### Source material:
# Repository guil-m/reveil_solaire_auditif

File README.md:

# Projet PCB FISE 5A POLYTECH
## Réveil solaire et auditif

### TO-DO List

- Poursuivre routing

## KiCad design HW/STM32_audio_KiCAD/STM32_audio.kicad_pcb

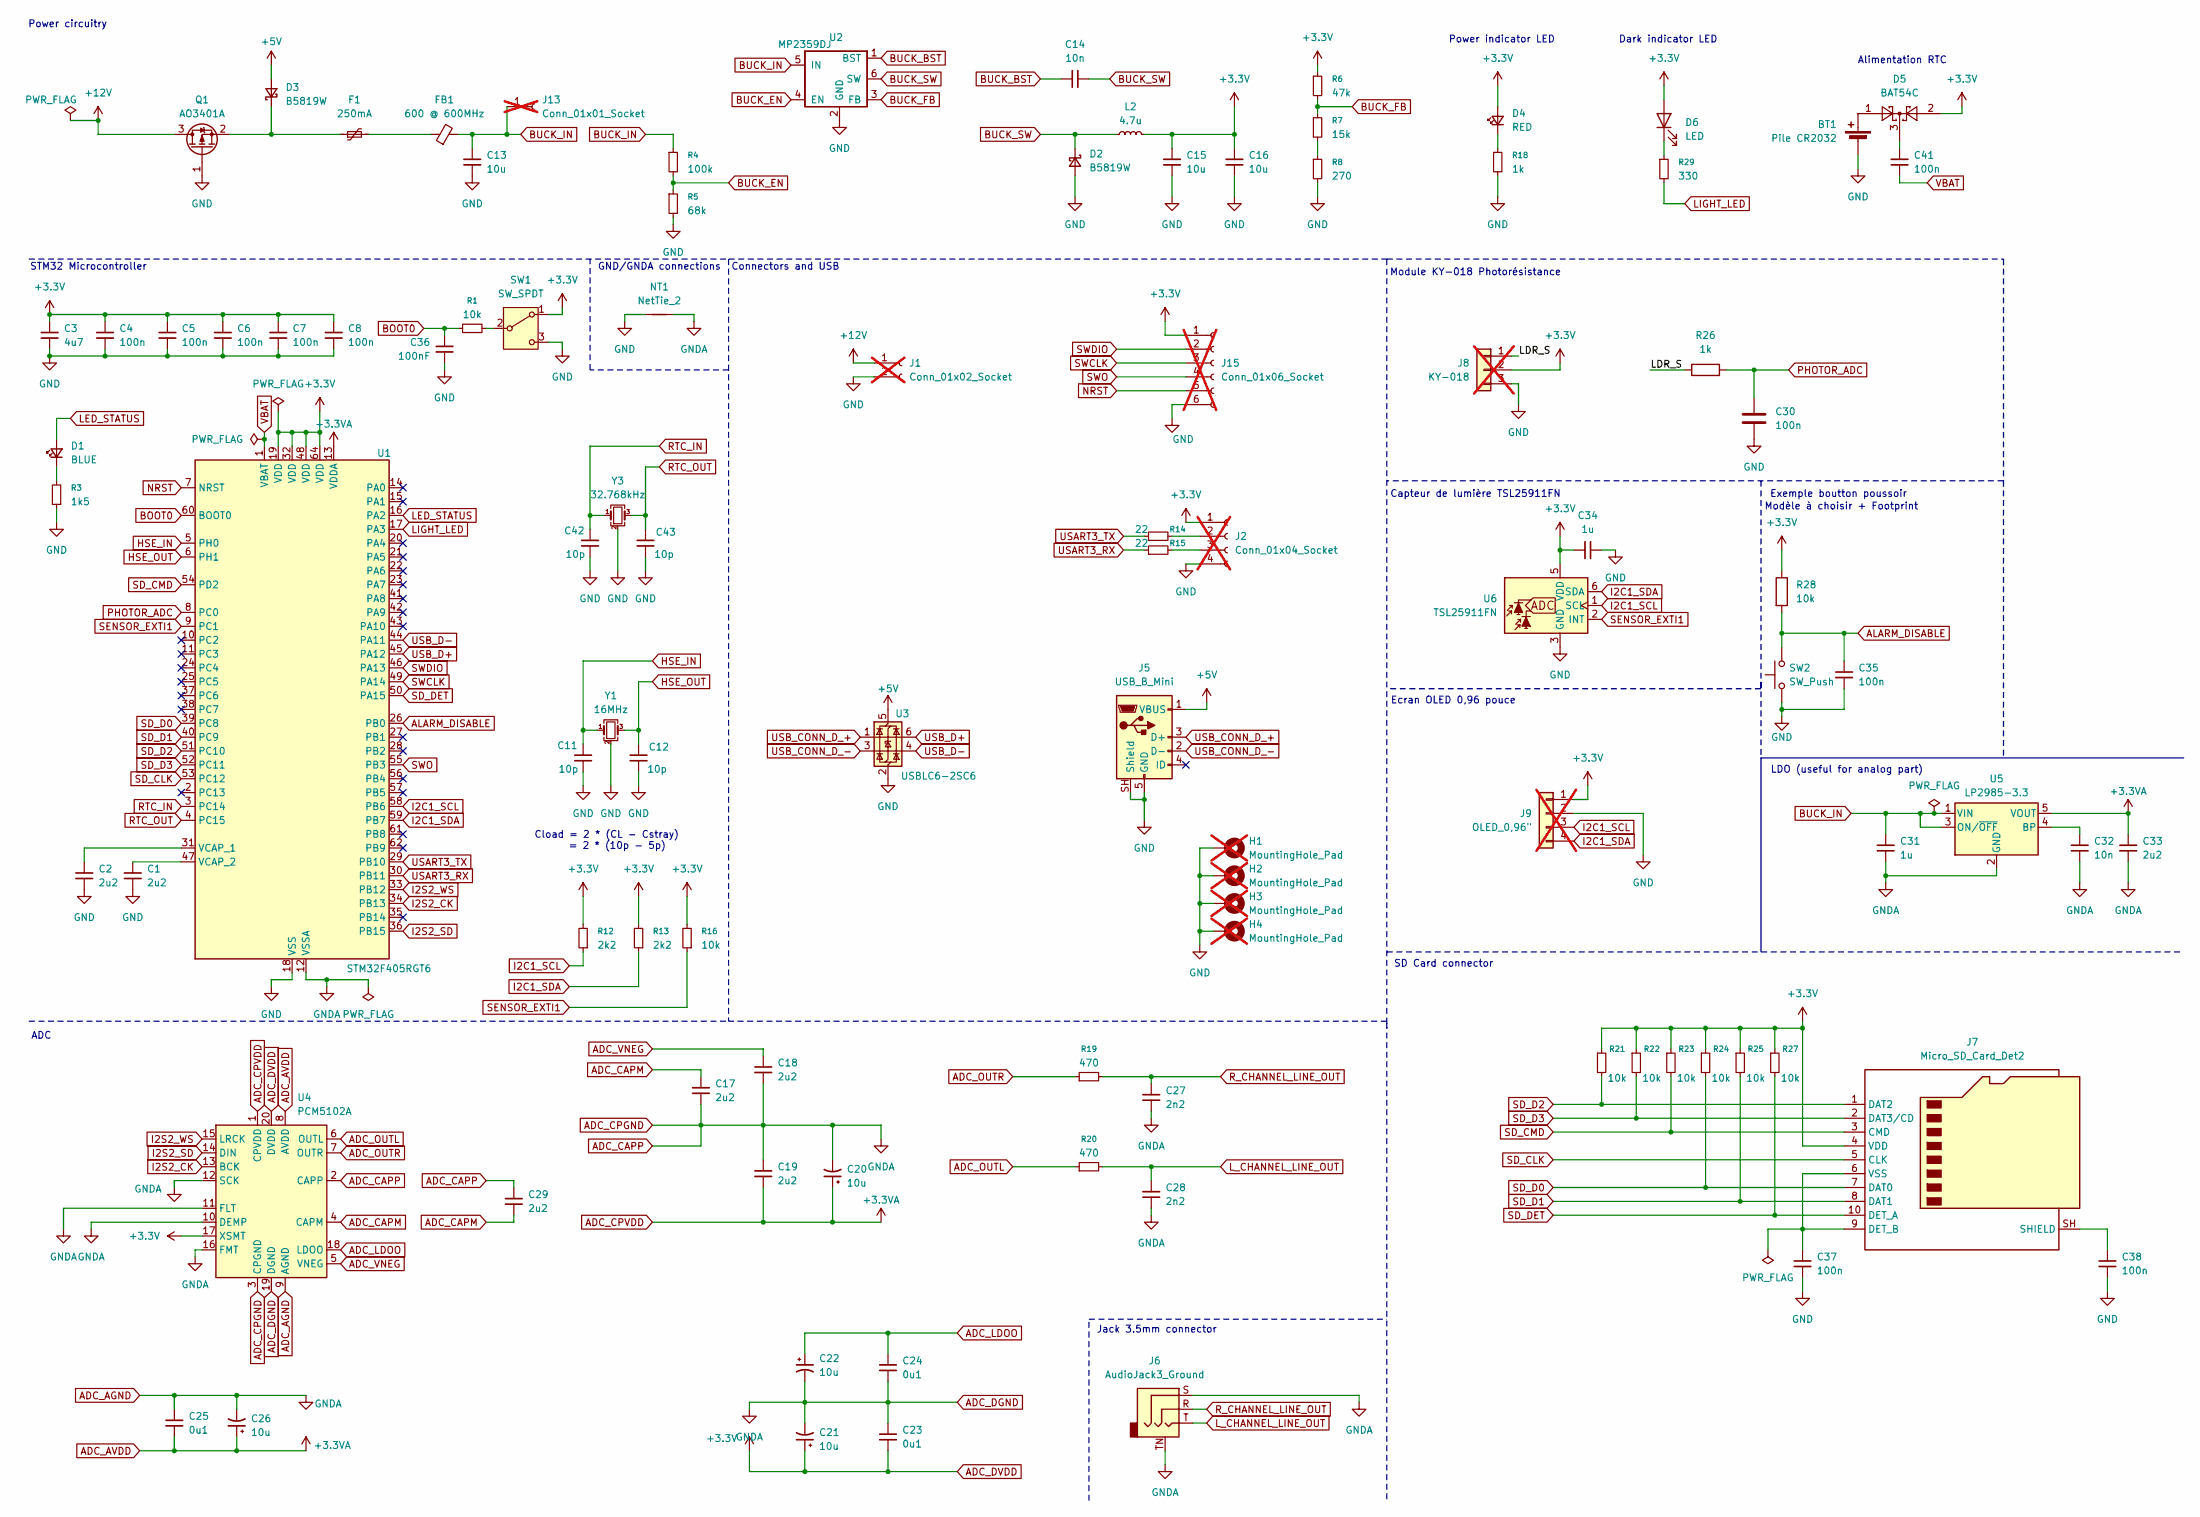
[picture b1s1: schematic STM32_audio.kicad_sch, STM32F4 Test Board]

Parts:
BT1: Pile CR2032; BatteryHolder_Keystone_1060_1x2032; LCSC Part # C238069
C1, C2: 2u2; C_0603_1608Metric; LCSC Part # C23630
C3: 4u7; C_0603_1608Metric; LCSC Part # C19666
C4, C5, C6, C7, C8, C30, C35, C37, C38, C41: 100n; C_0402_1005Metric; LCSC Part # C1525
C11, C12, C42, C43: 10p; C_0402_1005Metric; LCSC Part # C32949
C13, C15, C16: 10u; C_1206_3216Metric; LCSC Part # C9807
C14: 10n; C_0603_1608Metric; LCSC Part # C1589
C17, C18, C19, C29, C33: 2u2; C_0402_1005Metric; LCSC Part # C386077
C20, C21, C22, C26: 10u; C_0402_1005Metric; LCSC Part # C15525
C23, C24, C25: 0u1; C_0402_1005Metric; LCSC Part # C1525
C27, C28: 2n2; C_0402_1005Metric; LCSC Part # C1531
C31, C34: 1u; C_0603_1608Metric; LCSC Part # C1592
C32: 10n; C_0402_1005Metric; LCSC Part # C15195
C36: 100nF; C_0402_1005Metric; LCSC Part # C1525
D1: BLUE; LED_0603_1608Metric; LCSC Part # C2288
D2, D3: B5819W; D_SOD-123; LCSC Part # C8598
D4: RED; LED_0603_1608Metric; LCSC Part # C2286
D5: BAT54C; SOT-23; LCSC Part # C2135
D6: LED; LED_0603_1608Metric; LCSC Part # C2289
F1: 250mA; Fuse_1206_3216Metric; LCSC Part # C70075
FB1: 600 @ 600MHz; L_0805_2012Metric; LCSC Part # C1017
H1, H2, H3, H4: MountingHole_Pad; MountingHole_2.2mm_M2_Pad_Via; not fitted
J1: Conn_01x02_Socket; PinHeader_1x02_P2.54mm_Vertical; not fitted
J2: Conn_01x04_Socket; PinHeader_1x04_P2.54mm_Vertical; not fitted
J5: USB_B_Mini; USB_Micro-B_Molex-105017-0001; LCSC Part # C136000
J6: AudioJack3_Ground; Jack_3.5mm_CUI_SJ-3524-SMT_Horizontal; LCSC Part # C20182907
J7: Micro_SD_Card_Det2; microSD_HC_Hirose_DM3D-SF; LCSC Part # C719027
J8: KY-018; PinSocket_1x03_P2.54mm_Vertical; not fitted
J9: OLED_0,96"; PinSocket_1x04_P2.54mm_Vertical; not fitted
J13: Conn_01x01_Socket; PinSocket_1x01_P2.54mm_Vertical; not fitted
J15: Conn_01x06_Socket; PinHeader_1x06_P2.54mm_Vertical; not fitted
L2: 4.7u; L_Sunlord_SWPA3015S; LCSC Part # C19398
NT1: NetTie_2; NetTie-2_SMD_Pad2.0mm
Q1: AO3401A; SOT-23; LCSC Part # C15127
R1, R16, R21, R22, R23, R24, R25, R27: 10k; R_0402_1005Metric; LCSC Part # C25744
R3: 1k5; R_0603_1608Metric; LCSC Part # C22843
R4: 100k; R_0603_1608Metric; LCSC Part # C25803
R5: 68k; R_0603_1608Metric; LCSC Part # C23231
R6: 47k; R_0603_1608Metric; LCSC Part # C25819
R7: 15k; R_0603_1608Metric; LCSC Part # C22809
R8: 270; R_0603_1608Metric; LCSC Part # C22966
R12, R13: 2k2; R_0402_1005Metric; LCSC Part # C25879
R14, R15: 22; R_0603_1608Metric; LCSC Part # C23345
R18: 1k; R_0402_1005Metric; LCSC Part # C11702
R19, R20: 470; R_0603_1608Metric; LCSC Part # C23179
R26: 1k; R_0805_2012Metric; LCSC Part # C17513
R28: 10k; R_0805_2012Metric; LCSC Part # C17414
R29: 330; R_0402_1005Metric; LCSC Part # C25104
SW1: SW_SPDT; SW_SPDT_PCM12; LCSC Part # C963206
SW2: SW_Push; SW_Push_1P1T_NO_CK_KSC6xxG; LCSC Part # C2837531
U1: STM32F405RGT6; LQFP-64_10x10mm_P0.5mm; LCSC Part # C15742
U2: MP2359DJ; SOT-23-6; LCSC Part # C30197555
U3: USBLC6-2SC6; SOT-23-6; LCSC Part # C7519
U4: PCM5102A; TSSOP-20_4.4x6.5mm_P0.65mm; LCSC Part # C107671
U5: LP2985-3.3; SOT-23-5; LCSC Part # C95414
U6: TSL25911FN; AMS_TSL25911FN; LCSC Part # C176812
Y1: 16MHz; Crystal_SMD_3225-4Pin_3.2x2.5mm; LCSC Part # C13738
Y3: 32.768kHz; Crystal_SMD_3225-4Pin_3.2x2.5mm; LCSC Part # C5280579

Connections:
+5V: D3.2 (A), J5.1 (VBUS), U3.5 (VBUS)
+12V: J1.1, Q1.3 (D)
/LDR_S: J8.1, R26.1
ADC_AGND: C17.2, C18.2, C19.1, C20.2, C21.2, C22.2, C23.1, C24.2, C25.1, C26.2, C27.2, C28.2, C29.1, C31.2, C32.2, C33.2, J6.S, J6.TN, NT1.2, U1.12 (VSSA), U4.2 (CAPP), U4.3 (CPGND), U4.9 (AGND), U4.10 (DEMP), U4.11 (FLT), U4.12 (SCK), U4.16 (FMT), U4.19 (DGND), U5.2 (GND)
ADC_AVDD: C19.2, C20.1, C25.2, C26.1, C33.1, U1.13 (VDDA), U4.1 (CPVDD), U4.8 (AVDD), U5.5 (VOUT); also elsewhere on the board
ADC_CAPM: C17.1, C29.2, U4.4 (CAPM)
ADC_DVDD: C3.1, C4.1, C5.1, C6.1, C7.1, C8.1, C15.2, C16.2, C21.1, C23.2, C34.1, D4.2 (A), D5.2, D6.2 (A), J2.1, J7.4 (VDD), J8.2, J9.1, J15.1, L2.2, R6.1, R12.2, R13.2, R16.2, R21.1, R22.1, R23.1, R24.1, R25.1, R27.1, R28.1, SW1.1 (A), U1.19 (VDD), U1.32 (VDD), U1.48 (VDD), U1.64 (VDD), U4.17 (XSMT), U4.20 (DVDD), U6.5 (VDD)
ADC_LDOO: C22.1, C24.1, U4.18 (LDOO)
ADC_OUTL: R20.1, U4.6 (OUTL)
ADC_OUTR: R19.1, U4.7 (OUTR)
ADC_VNEG: C18.1, U4.5 (VNEG)
ALARM_DISABLE: C35.1, R28.2, SW2.2, U1.26 (PB0)
BOOT0: C36.1, R1.1, U1.60 (BOOT0)
BUCK_BST: C14.1, U2.1 (BST)
BUCK_EN: R4.2, R5.1, U2.4 (EN)
BUCK_FB: R6.2, R7.1, U2.3 (FB)
BUCK_IN: C13.1, C31.1, FB1.2, J13.1 (Pin_1_1), R4.1, U2.5 (IN), U5.1 (VIN), U5.3 (ON/~OFF)
BUCK_SW: C14.2, D2.1 (K), L2.1, U2.6 (SW)
GND: BT1.2 (-), C1.2, C2.2, C3.2, C4.2, C5.2, C6.2, C7.2, C8.2, C11.2, C12.2, C13.2, C15.1, C16.1, C30.2, C34.2, C35.2, C36.2, C37.2, C38.2, C42.2, C43.2, D2.2 (A), H1.1 (1_1), H2.1 (1_1), H3.1 (1_1), H4.1 (1_1), J1.2, J2.4, J5.5 (GND), J5.SH (Shield), J8.3, J9.2, J15.6, NT1.1, Q1.1 (G), R3.1, R5.2, R8.2, R18.2, SW1.3 (C), SW2.1, U1.18 (VSS), U1.63 (VSS), U2.2 (GND), U3.2 (GND), U6.3 (GND), Y1.2 (G), Y1.4 (G), Y3.2 (G), Y3.4 (G)
HSE_IN: C11.1, U1.5 (PH0), Y1.1
HSE_OUT: C12.1, U1.6 (PH1), Y1.3
I2C1_SCL: J9.3, R12.1, U1.58 (PB6), U6.1 (SCL)
I2C1_SDA: J9.4, R13.1, U1.59 (PB7), U6.6 (SDA)
I2S2_CK: U1.34 (PB13), U4.13 (BCK)
I2S2_SD: U1.36 (PB15), U4.14 (DIN)
I2S2_WS: U1.33 (PB12), U4.15 (LRCK)
LED_STATUS: D1.2 (A), U1.16 (PA2)
LIGHT_LED: R29.2, U1.17 (PA3)
L_CHANNEL_LINE_OUT: C28.1, J6.T, R20.2
NRST: J15.5, U1.7 (NRST)
unnamed: BT1.1 (+), D5.1
unnamed: C41.1, D5.3
unnamed: D1.1 (K), R3.2
unnamed: D3.1 (K), F1.1, Q1.2 (S)
unnamed: D4.1 (K), R18.1
unnamed: D6.1 (K), R29.1
unnamed: F1.2, FB1.1
unnamed: J2.2, R14.2
unnamed: J2.3, R15.2
unnamed: C37.1, J7.6 (VSS), J7.9 (DET_B)
unnamed: C38.1, J7.SH (SHIELD)
unnamed: R7.2, R8.1
unnamed: R1.2, SW1.2 (B)
unnamed: C2.1, U1.31 (VCAP_1)
unnamed: C1.1, U1.47 (VCAP_2)
unnamed: C32.1, U5.4 (BP)
PHOTOR_ADC: C30.1, R26.2, U1.8 (PC0)
RTC_IN: C42.1, U1.3 (PC14), Y3.1
RTC_OUT: C43.1, U1.4 (PC15), Y3.3
R_CHANNEL_LINE_OUT: C27.1, J6.R, R19.2
SD_CLK: J7.5 (CLK), U1.53 (PC12)
SD_CMD: J7.3 (CMD), R23.2, U1.54 (PD2)
SD_D0: J7.7 (DAT0), R24.2, U1.39 (PC8)
SD_D1: J7.8 (DAT1), R25.2, U1.40 (PC9)
SD_D2: J7.1 (DAT2), R21.2, U1.51 (PC10)
SD_D3: J7.2 (DAT3/CD), R22.2, U1.52 (PC11)
SD_DET: J7.10 (DET_A), R27.2, U1.50 (PA15)
SENSOR_EXTI1: R16.1, U1.9 (PC1), U6.2 (INT)
SWCLK: J15.3, U1.49 (PA14)
SWDIO: J15.2, U1.46 (PA13)
SWO: J15.4, U1.55 (PB3)
USART3_RX: R15.1, U1.30 (PB11)
USART3_TX: R14.1, U1.29 (PB10)
USB_CONN_D_+: J5.3 (D+), U3.1 (I/O1)
USB_CONN_D_-: J5.2 (D-), U3.3 (I/O2)
USB_D+: U1.45 (PA12), U3.6 (I/O1)
USB_D-: U1.44 (PA11), U3.4 (I/O2)
VBAT: C41.2, U1.1 (VBAT)

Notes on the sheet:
GND/GNDA connections
Module KY-018 Photorésistance
Power circuitry
Jack 3.5mm connector
Cload = 2 * (CL - Cstray) = 2 * (10p - 5p)
STM32 Microcontroller
Alimentation RTC
ADC
Capteur de lumière TSL25911FN
Exemple boutton poussoir
LDO (useful for analog part)
Modèle à choisir + Footprint
Power indicator LED
Connectors and USB
Ecran OLED 0,96 pouce
Dark indicator LED
SD Card connector

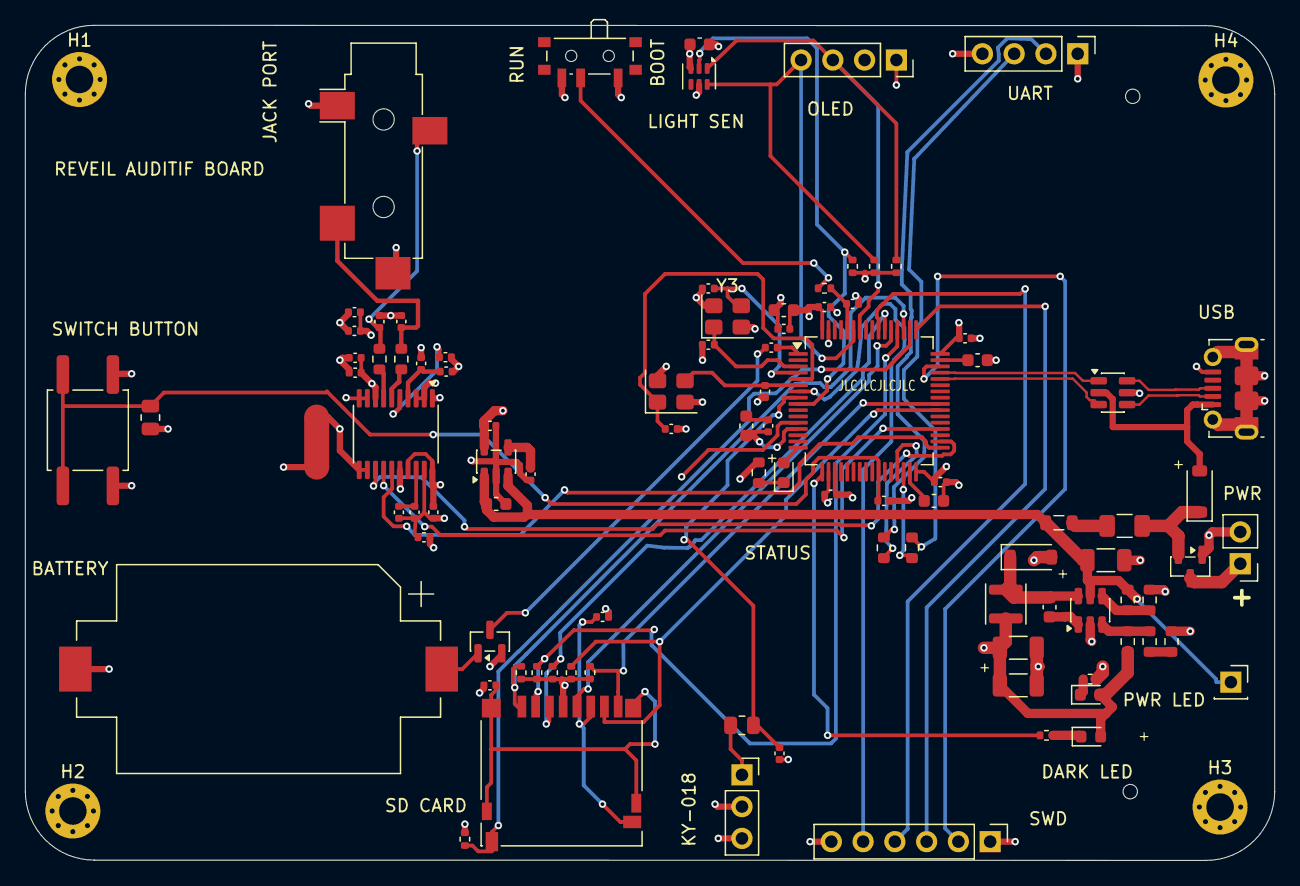
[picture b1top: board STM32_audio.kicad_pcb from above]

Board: 4 copper layers, 99.9 x 66.8 mm, 100 parts (0 on the bottom side), 69 nets.

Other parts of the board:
C9: 1u; C_0603_1608Metric
C10: 10n; C_0402_1005Metric

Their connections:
ADC_AVDD: C9.1, C10.1; also elsewhere on the board
ADC_DGND: C9.2, C10.2

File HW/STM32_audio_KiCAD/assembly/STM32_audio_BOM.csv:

"Reference","Qty","Value","DNP","Exclude from BOM","Exclude from Board","Exclude from Simulation","Exclude from Position Files","Footprint","Datasheet","LCSC Part #"
"BT1","1","Pile CR2032","","","","","${EXCLUDE_FROM_POS_FILES}","Battery:BatteryHolder_Keystone_1060_1x2032","","C22363833"
"C1,C2","2","2u2","","","","","${EXCLUDE_FROM_POS_FILES}","Capacitor_SMD:C_0603_1608Metric","","C23630"
"C3","1","4u7","","","","","${EXCLUDE_FROM_POS_FILES}","Capacitor_SMD:C_0603_1608Metric","","C19666"
"C4,C5,C6,C7,C8,C30,C35,C37,C38,C41","10","100n","","","","","${EXCLUDE_FROM_POS_FILES}","Capacitor_SMD:C_0402_1005Metric","","C1525"
"C11,C12,C42,C43","4","10p","","","","","${EXCLUDE_FROM_POS_FILES}","Capacitor_SMD:C_0402_1005Metric","","C32949"
"C13,C15,C16","3","10u","","","","","${EXCLUDE_FROM_POS_FILES}","Capacitor_SMD:C_1206_3216Metric","","C9807"
"C14","1","10n","","","","","${EXCLUDE_FROM_POS_FILES}","Capacitor_SMD:C_0603_1608Metric","","C1589"
"C17,C18,C19,C29,C33","5","2u2","","","","","${EXCLUDE_FROM_POS_FILES}","Capacitor_SMD:C_0402_1005Metric","","C386077"
"C20,C21,C22,C26","4","10u","","","","","${EXCLUDE_FROM_POS_FILES}","Capacitor_SMD:C_0402_1005Metric","","C15525"
"C23,C24,C25","3","0u1","","","","","${EXCLUDE_FROM_POS_FILES}","Capacitor_SMD:C_0402_1005Metric","","C1525"
"C27,C28","2","2n2","","","","","${EXCLUDE_FROM_POS_FILES}","Capacitor_SMD:C_0402_1005Metric","","C1531"
"C31,C34","2","1u","","","","","${EXCLUDE_FROM_POS_FILES}","Capacitor_SMD:C_0603_1608Metric","","C1592"
"C32","1","10n","","","","","${EXCLUDE_FROM_POS_FILES}","Capacitor_SMD:C_0402_1005Metric","","C15195"
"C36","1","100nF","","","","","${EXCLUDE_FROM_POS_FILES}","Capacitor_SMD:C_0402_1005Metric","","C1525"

### Task statement:
All lines above from the one containing "unnamed: C37.1, J7.6 (VSS), J7.9 (DET_B)" to the one containing "SD_CLK: J7.5 (CLK), U1.53 (PC12)" must be repeated exactly, both lines included, and no others.

### Written solution:
unnamed: C37.1, J7.6 (VSS), J7.9 (DET_B)
unnamed: C38.1, J7.SH (SHIELD)
unnamed: R7.2, R8.1
unnamed: R1.2, SW1.2 (B)
unnamed: C2.1, U1.31 (VCAP_1)
unnamed: C1.1, U1.47 (VCAP_2)
unnamed: C32.1, U5.4 (BP)
PHOTOR_ADC: C30.1, R26.2, U1.8 (PC0)
RTC_IN: C42.1, U1.3 (PC14), Y3.1
RTC_OUT: C43.1, U1.4 (PC15), Y3.3
R_CHANNEL_LINE_OUT: C27.1, J6.R, R19.2
SD_CLK: J7.5 (CLK), U1.53 (PC12)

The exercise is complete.